**Problem to solve**. Among the entries below, take the line with "# Drawn here: x" and the line with "doc.linetypes.add('PEN_TYPE_1', pattern=[0])", and output them and every line between them exactly, with nothing else.

* * * * * * *

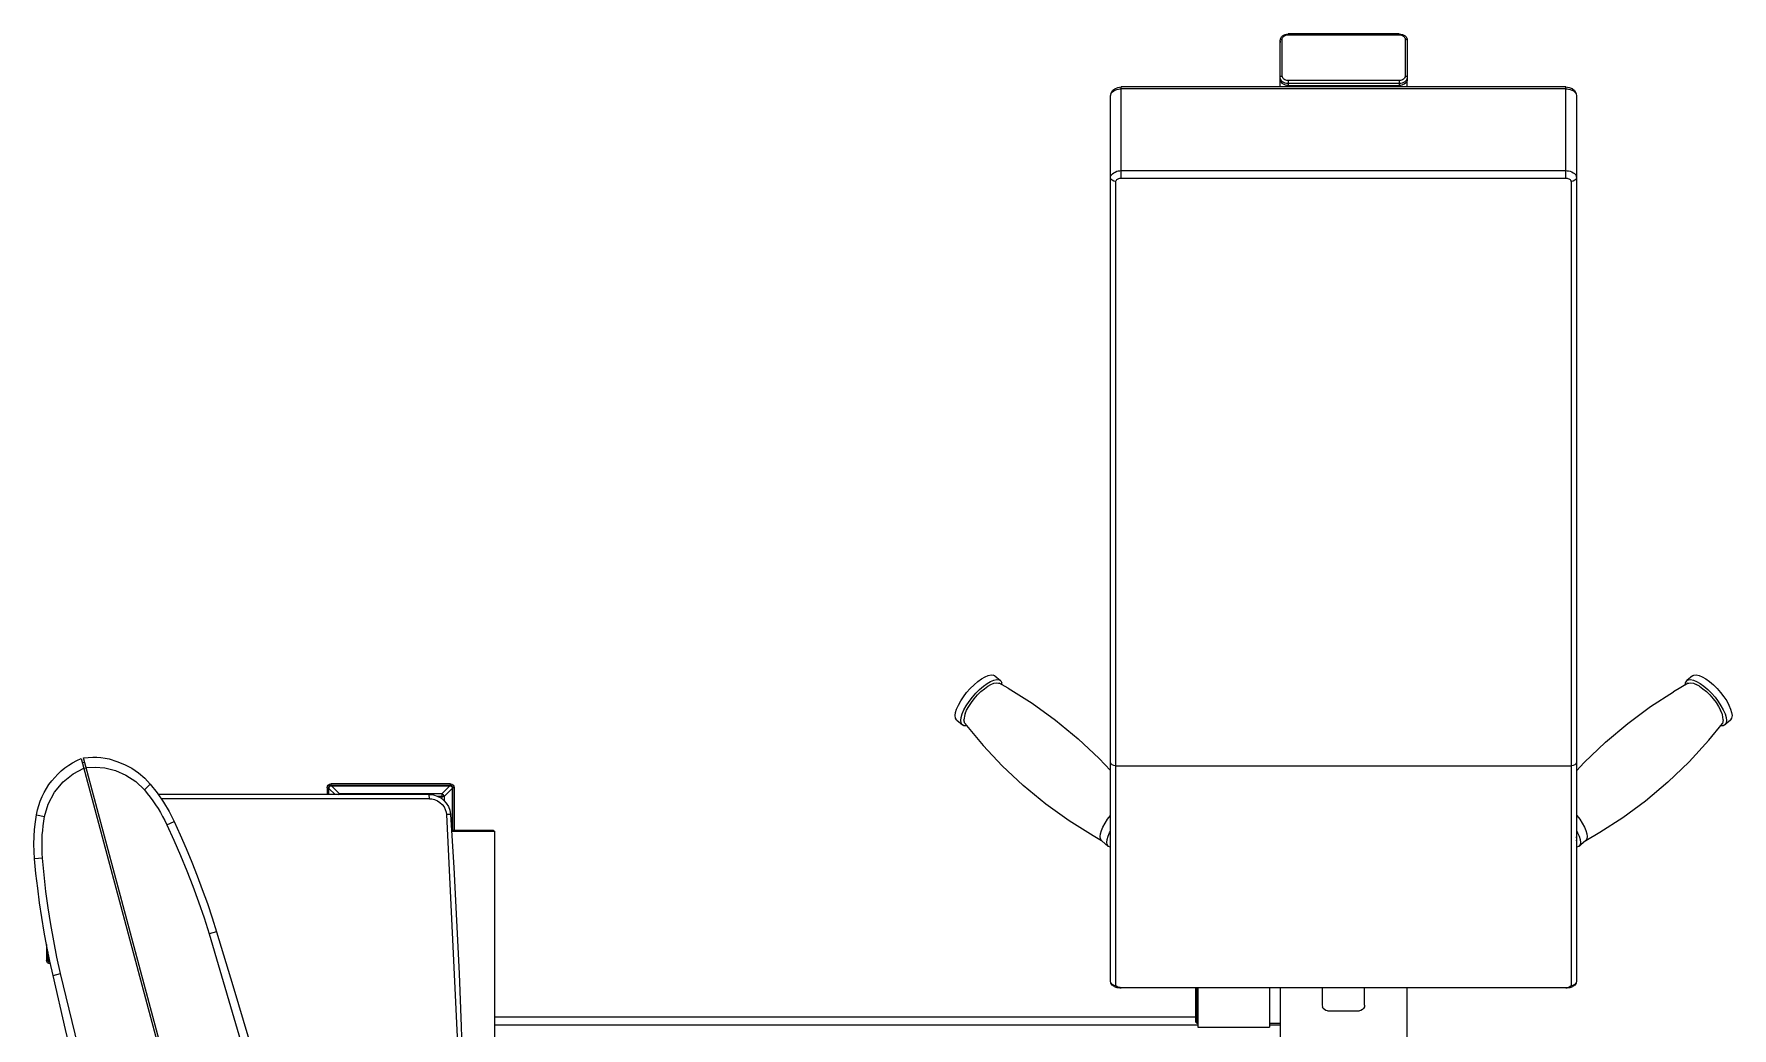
# Model space of a CAD drawing. Header units: millimetres. Extents: x 29224 to 62779, y 35576 to 54938.
# Drawn here: x 49707 to 50712, y 47992 to 48581 of the extents above; entities that cross this region are included whole.
import ezdxf

# ---------------------------------------------------------------- set-up
doc = ezdxf.new("R2010")
doc.units = ezdxf.units.MM
doc.linetypes.add('PEN_TYPE_1', pattern=[0])

# ---------------------------------------------------------------- blocks, each defined once
blk = doc.blocks.new('A$C43DB42A3')
at = {"color": 7, "linetype": 'PEN_TYPE_1'}
for points in [[(738, 1606.6), (738.1, 1607.3), (738.3, 1608), (738.7, 1608.7), (739.3, 1609.3), (740, 1609.8), (740.9, 1610.2), (741.8, 1610.4), (742.7, 1610.5)], [(739.4, 1608.1), (739.5, 1608.4), (739.8, 1608.8), (740.2, 1609.2), (740.8, 1609.6), (741.4, 1609.8), (742, 1610)], [(742, 1610), (742.7, 1610)], [(742.7, 1610), (742.7, 1610.5)], [(808.5, 1610.5), (742.7, 1610.5)], [(742.7, 1610), (808.5, 1610)], [(808.5, 1610), (808.5, 1610.5)], [(808.5, 1610.5), (809.5, 1610.4), (810.4, 1610.2), (811.2, 1609.8), (811.9, 1609.3), (812.5, 1608.7), (812.9, 1608), (813.1, 1607.3), (813.2, 1606.6)], [(808.5, 1610), (809.2, 1610), (809.8, 1609.8), (810.4, 1609.6), (811, 1609.2), (811.4, 1608.8), (811.7, 1608.4), (811.9, 1607.9)], [(737.9, 1605.5), (738, 1606.6)], [(738, 1606.3), (737.9, 1605.5)], [(737.9, 1579.1), (737.9, 1605.5)], [(738, 1606.6), (738, 1606.8), (738.2, 1607), (738.5, 1607.2), (738.9, 1607.3), (739.2, 1607.4)], [(739.2, 1607.4), (739.4, 1608.1)], [(739.2, 1585.5), (739.2, 1607.4)], [(811.9, 1607.9), (812, 1607.4)], [(812, 1607.4), (812, 1585.5)], [(812, 1607.4), (812.4, 1607.3), (812.7, 1607.2), (813, 1607), (813.2, 1606.8), (813.2, 1606.6)], [(813.2, 1606.6), (813.2, 1583.6)], [(637.8, 1575), (638.6, 1576.9), (640, 1578), (641.8, 1578.8), (643.8, 1579.1)], [(643.8, 1525.1), (643.8, 1579.1)], [(907.1, 1579.1), (643.8, 1579.1)], [(737.9, 1583.7), (738, 1582.9)], [(738, 1584.7), (738, 1585), (738.2, 1585.2), (738.5, 1585.4), (738.9, 1585.5), (739.2, 1585.5)], [(738.2, 1583.7), (738, 1584.7)], [(738, 1582.9), (739, 1581.3)], [(742.7, 1581.1), (741.8, 1581.2), (740.9, 1581.4), (740.1, 1581.7), (739.4, 1582.2), (738.8, 1582.7), (738.3, 1583.4), (738.2, 1583.7)], [(739, 1581.3), (740.9, 1580.3)], [(742.7, 1582.9), (742, 1582.9), (741.4, 1583.1), (740.8, 1583.3), (740.2, 1583.7), (739.8, 1584.1), (739.5, 1584.5), (739.3, 1585), (739.2, 1585.5)], [(740.9, 1580.3), (742.6, 1580)], [(741.1, 1580.2), (740.9, 1580.2)], [(742.7, 1579.9), (741.1, 1580.2)], [(742.6, 1579.1), (742.6, 1579.9)], [(742.7, 1582.9), (742.7, 1579.9)], [(808.5, 1582.9), (742.7, 1582.9)], [(808.5, 1581.1), (742.7, 1581.1)], [(742.7, 1580), (808.4, 1580)], [(808.4, 1580), (809.4, 1580.1)], [(808.4, 1579.1), (808.4, 1579.9)], [(812, 1585.5), (811.9, 1585), (811.7, 1584.5), (811.4, 1584.1), (811, 1583.7), (810.4, 1583.3), (809.8, 1583.1), (809.2, 1582.9), (808.5, 1582.9)], [(813, 1583.7), (812.9, 1583.4), (812.4, 1582.7), (811.8, 1582.2), (811.1, 1581.7), (810.3, 1581.4), (809.4, 1581.2), (808.5, 1581.1)], [(808.5, 1582.9), (808.5, 1579.9)], [(810.1, 1580.2), (808.5, 1579.9)], [(813.1, 1582.7), (812.8, 1582), (812.2, 1581.3), (811.4, 1580.7), (810.5, 1580.3), (810.1, 1580.2)], [(812, 1585.5), (812.4, 1585.5), (812.7, 1585.4), (813, 1585.2), (813.2, 1585), (813.2, 1584.7)], [(813.2, 1584.7), (813, 1583.7)], [(813.2, 1583.6), (813.1, 1582.7)], [(813.1, 1579.1), (813.1, 1582.7)], [(907.1, 1579.1), (909.1, 1578.8), (910.9, 1578.1), (912.3, 1576.9), (913.1, 1575.5), (913.4, 1574)], [(907.1, 1525.1), (907.1, 1579.1)], [(637.8, 1575.5), (637.5, 1574)], [(637.5, 1049.5), (637.5, 1574)], [(637.8, 1575), (637.7, 1574.8)], [(638.1, 1575.6), (638.7, 1576.2), (639.4, 1576.8), (640.3, 1577.2), (641.2, 1577.6), (642.2, 1577.8), (643, 1577.9), (643.8, 1577.9)], [(907.1, 1577.9), (643.8, 1577.9)], [(907.1, 1577.9), (907.9, 1577.9), (908.8, 1577.8), (909.8, 1577.6), (910.7, 1577.2), (911.6, 1576.8), (912.3, 1576.2), (912.8, 1575.6), (913.2, 1575), (913.3, 1574.7)], [(913.4, 1574), (913.4, 1049.5)], [(637.5, 1525.5), (637.6, 1526), (637.8, 1526.5), (638.1, 1527.1), (638.6, 1527.7), (639.4, 1528.3), (640.2, 1528.7), (641.2, 1529.1), (642.1, 1529.3), (643, 1529.4), (643.8, 1529.5)], [(643.8, 1529.5), (907.1, 1529.5)], [(907.1, 1529.5), (907.9, 1529.4), (908.8, 1529.3), (909.7, 1529.1), (910.7, 1528.8), (911.5, 1528.3), (912.3, 1527.8), (912.8, 1527.2), (913.2, 1526.6), (913.3, 1526), (913.4, 1525.5)], [(640.7, 1523.1), (639.5, 1523.2), (638.5, 1523.8), (637.8, 1524.6), (637.5, 1525.5)], [(640.7, 1523.1), (640.7, 1523.3), (640.8, 1523.6), (641, 1523.9), (641.2, 1524.2), (641.6, 1524.5), (642, 1524.7), (642.5, 1524.9), (643, 1525), (643.4, 1525), (643.8, 1525.1)], [(640.7, 1046.6), (640.7, 1523.1)], [(643.8, 1525.1), (907.1, 1525.1)], [(907.1, 1525.1), (907.5, 1525), (908, 1525), (908.4, 1524.9), (908.9, 1524.7), (909.3, 1524.5), (909.7, 1524.2), (910, 1523.9), (910.1, 1523.6), (910.2, 1523.3), (910.3, 1523.1)], [(913.4, 1525.5), (913.2, 1524.6), (912.5, 1523.8), (911.4, 1523.2), (910.3, 1523.1)], [(910.3, 1523.1), (910.3, 1046.6)], [(545.6, 1206.7), (545.8, 1208.5), (546.4, 1210.6), (547.4, 1212.9), (548.8, 1215.4), (550.4, 1217.9), (552.3, 1220.4), (554.4, 1222.8), (556.7, 1225), (558.9, 1226.9), (561.1, 1228.5), (563.2, 1229.7), (565.1, 1230.5), (566.8, 1230.8), (568.1, 1230.7)], [(548.9, 1203.8), (549.1, 1205.6), (549.7, 1207.7), (550.7, 1210.1), (552.1, 1212.5), (553.8, 1215.1), (555.7, 1217.6), (557.8, 1220), (560, 1222.2), (562.2, 1224.1), (564.4, 1225.7), (566.5, 1226.9), (568.4, 1227.7), (570.1, 1228), (571.5, 1227.8), (572.3, 1227.4)], [(569, 1230.2), (568.1, 1230.7)], [(569, 1230.2), (572.3, 1227.4)], [(572.3, 1227.4), (572.5, 1227.2), (573.1, 1226.2)], [(977.9, 1224.9), (978.1, 1226.2), (978.7, 1227.2), (978.8, 1227.4)], [(982.2, 1230.2), (978.8, 1227.4)], [(978.8, 1227.4), (979.7, 1227.8), (981, 1228), (982.7, 1227.7), (984.6, 1226.9), (986.7, 1225.7), (988.9, 1224.1), (991.2, 1222.2), (993.4, 1220), (995.5, 1217.6), (997.4, 1215.1), (999, 1212.5), (1000.4, 1210.1), (1001.4, 1207.7), (1002, 1205.6), (1002.2, 1203.8)], [(982.2, 1230.2), (983, 1230.7), (984.3, 1230.8), (986, 1230.5), (987.9, 1229.7), (990, 1228.5), (992.2, 1226.9), (994.5, 1225), (996.7, 1222.8), (998.8, 1220.4), (1000.7, 1217.9), (1002.4, 1215.4), (1003.7, 1212.9), (1004.7, 1210.6), (1005.3, 1208.5), (1005.6, 1206.7)], [(551.4, 1207.8), (552.3, 1209.9), (553.6, 1212.1), (555.1, 1214.4), (556.8, 1216.7), (558.7, 1218.9), (560.7, 1220.9), (562.8, 1222.6), (564.8, 1224.1)], [(564.8, 1224.1), (566.7, 1225.2), (568.4, 1225.9), (570, 1226.2), (571.2, 1226), (571.6, 1225.9)], [(576.9, 1222.9), (571.6, 1225.9)], [(573.3, 1224.9), (573.1, 1226.2)], [(576.9, 1222.9), (591.1, 1214), (605, 1204), (618.4, 1193), (630.8, 1181.3), (637.5, 1174.1)], [(913.4, 1173.9), (917.9, 1178.9), (930.6, 1191), (943.8, 1202.1), (957.3, 1212.1), (970.8, 1220.8)], [(979.5, 1225.9), (970.8, 1220.8)], [(979.5, 1225.9), (979.9, 1226), (981.2, 1226.2), (982.7, 1225.9), (984.4, 1225.2)], [(986.3, 1224.1), (984.4, 1225.2)], [(986.3, 1224.1), (988.3, 1222.6), (990.4, 1220.9), (992.4, 1218.9), (994.3, 1216.7), (996.1, 1214.4), (997.5, 1212.1), (998.8, 1209.9)], [(546.5, 1204), (546.4, 1204.2), (545.8, 1205.2), (545.6, 1206.7)], [(551.3, 1207.3), (550.7, 1204.2)], [(551.4, 1207.8), (551.3, 1207.3)], [(999.7, 1207.8), (998.8, 1209.9)], [(999.9, 1207.3), (999.7, 1207.8)], [(1000.4, 1204.2), (999.9, 1207.3)], [(1005.6, 1206.7), (1005.3, 1205.2), (1004.7, 1204.2), (1004.6, 1204)], [(546.5, 1204), (549.9, 1201.2)], [(549.9, 1201.2), (549.7, 1201.3), (549.1, 1202.4), (548.9, 1203.8)], [(552.5, 1200.7), (552.1, 1200.6), (550.7, 1200.7), (549.9, 1201.2)], [(551.3, 1202.1), (550.7, 1204.2)], [(551.3, 1202.1), (562.1, 1189)], [(991.9, 1192.2), (999.9, 1202.1)], [(1001.3, 1201.2), (1000.4, 1200.7), (999, 1200.6), (998.7, 1200.7)], [(1000.4, 1204.2), (999.9, 1202.1)], [(1004.6, 1204), (1001.3, 1201.2)], [(1002.2, 1203.8), (1002, 1202.4), (1001.4, 1201.3), (1001.3, 1201.2)], [(632.2, 1132.6), (627.3, 1135.4), (613.1, 1144.3), (599.2, 1154.3), (585.8, 1165.3), (573.4, 1176.9), (562.1, 1189)], [(991.9, 1192.2), (980.1, 1179.4), (967.5, 1167.2), (954.3, 1156.1), (940.8, 1146.1), (927.2, 1137.4), (918.9, 1132.6)], [(1.5, 1148), (2.1, 1150.8), (2.8, 1153.5), (3.7, 1156.1), (4.8, 1158.7), (6, 1161.1), (7.4, 1163.5), (8.9, 1165.8), (10.5, 1168), (12.3, 1170.1), (14.2, 1172.1), (16.2, 1174), (18.3, 1175.7), (20.6, 1177.3), (22.9, 1178.8), (25.4, 1180.1), (27.9, 1181.3)], [(27.9, 1181.3), (225.9, 442.5)], [(28.6, 1178.8), (29.9, 1179.2)], [(29.4, 1181.7), (32.1, 1181.9), (34.8, 1182), (37.2, 1182), (39.7, 1181.8), (42.1, 1181.4), (44.5, 1181), (49.1, 1179.6), (53.6, 1177.8), (57.9, 1175.6), (61.9, 1172.8), (65.6, 1169.7), (68.9, 1166.1)], [(227.4, 442.9), (29.4, 1181.7)], [(640.7, 1177), (639.5, 1177.2), (638.4, 1177.6), (637.8, 1178.3), (637.5, 1179)], [(640.7, 1177), (910.3, 1177)], [(913.4, 1179), (913.2, 1178.3), (912.5, 1177.6), (911.5, 1177.2), (910.3, 1177)], [(6.3, 1146.9), (8.5, 1154.3), (12.2, 1161.3), (17.3, 1167.4), (23.2, 1172.2), (29.5, 1175.6)], [(29.5, 1175.5), (31, 1175.8)], [(30.9, 1176), (36.2, 1176.2), (42, 1175.7), (48.3, 1174.2), (54.5, 1171.5), (60.4, 1167.6), (65.4, 1162.7)], [(68.9, 1166.1), (65.4, 1162.7)], [(65.4, 1162.7), (67.1, 1160.6), (68.8, 1158.4), (70.4, 1156.2), (72, 1153.9), (73.5, 1151.7), (74.9, 1149.3), (76.2, 1146.9), (77.5, 1144.5), (78.7, 1142)], [(68.9, 1166.1), (73, 1160.9), (76.7, 1155.5), (80, 1149.9), (83, 1144)], [(68.9, 1166.1), (68.9, 1166.1)], [(234.1, 1159.9), (73.7, 1159.9)], [(234.3, 1157.4), (75.4, 1157.4)], [(173.6, 1163.9), (173.8, 1164.8), (174.3, 1165.5), (175, 1166), (175.8, 1166.2)], [(173.6, 1163.9), (173.6, 1159.9)], [(173.6, 1163.9), (174.5, 1163.9)], [(174.5, 1163.9), (174.6, 1164.5), (174.9, 1164.9), (175.3, 1165.2), (175.8, 1165.3)], [(174.5, 1163.9), (174.5, 1159.9)], [(174.7, 1163.6), (174.8, 1164.1), (175, 1164.5), (175.3, 1164.8), (175.7, 1165), (176.2, 1165.1)], [(178.4, 1159.9), (174.7, 1163.6)], [(174.7, 1159.9), (174.7, 1163.6)], [(175.8, 1166.2), (175.8, 1165.3)], [(246.6, 1166.2), (175.8, 1166.2)], [(246.6, 1165.3), (175.8, 1165.3)], [(181, 1160.3), (176.2, 1165.1)], [(176.2, 1165.1), (246.2, 1165.1)], [(180.1, 1159.9), (181, 1160.3)], [(181, 1160.3), (181, 1159.9)], [(241.5, 1160.3), (181, 1160.3)], [(234.3, 1157.4), (234.1, 1159.9)], [(234.1, 1159.9), (236.6, 1159.7), (238.8, 1159), (240.9, 1158), (242.7, 1156.5), (244.2, 1154.8), (245.4, 1152.8), (246.3, 1150.6), (246.6, 1148.2)], [(234.3, 1157.4), (235.7, 1157.3), (237.2, 1157), (238.9, 1156.3), (240.4, 1155.3), (241.8, 1154), (242.9, 1152.6), (243.6, 1151), (244.1, 1149.5), (244.3, 1148.1)], [(242.9, 1158.8), (239.2, 1158.8)], [(246.2, 1165.1), (241.5, 1160.3)], [(241.5, 1160.3), (241.9, 1160.2), (242.3, 1160), (242.6, 1159.6), (242.8, 1159.2), (242.9, 1158.8)], [(241.5, 1160.3), (241.5, 1157.5)], [(247.7, 1163.6), (242.9, 1158.8)], [(242.9, 1158.8), (242.9, 1156.2)], [(246.2, 1165.1), (246.7, 1165), (247.1, 1164.8), (247.4, 1164.5), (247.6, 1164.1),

* * * * * * *

**Result for this task**.
# Drawn here: x 49707 to 50712, y 47992 to 48581 of the extents above; entities that cross this region are included whole.
import ezdxf

# ---------------------------------------------------------------- set-up
doc = ezdxf.new("R2010")
doc.units = ezdxf.units.MM
doc.linetypes.add('PEN_TYPE_1', pattern=[0])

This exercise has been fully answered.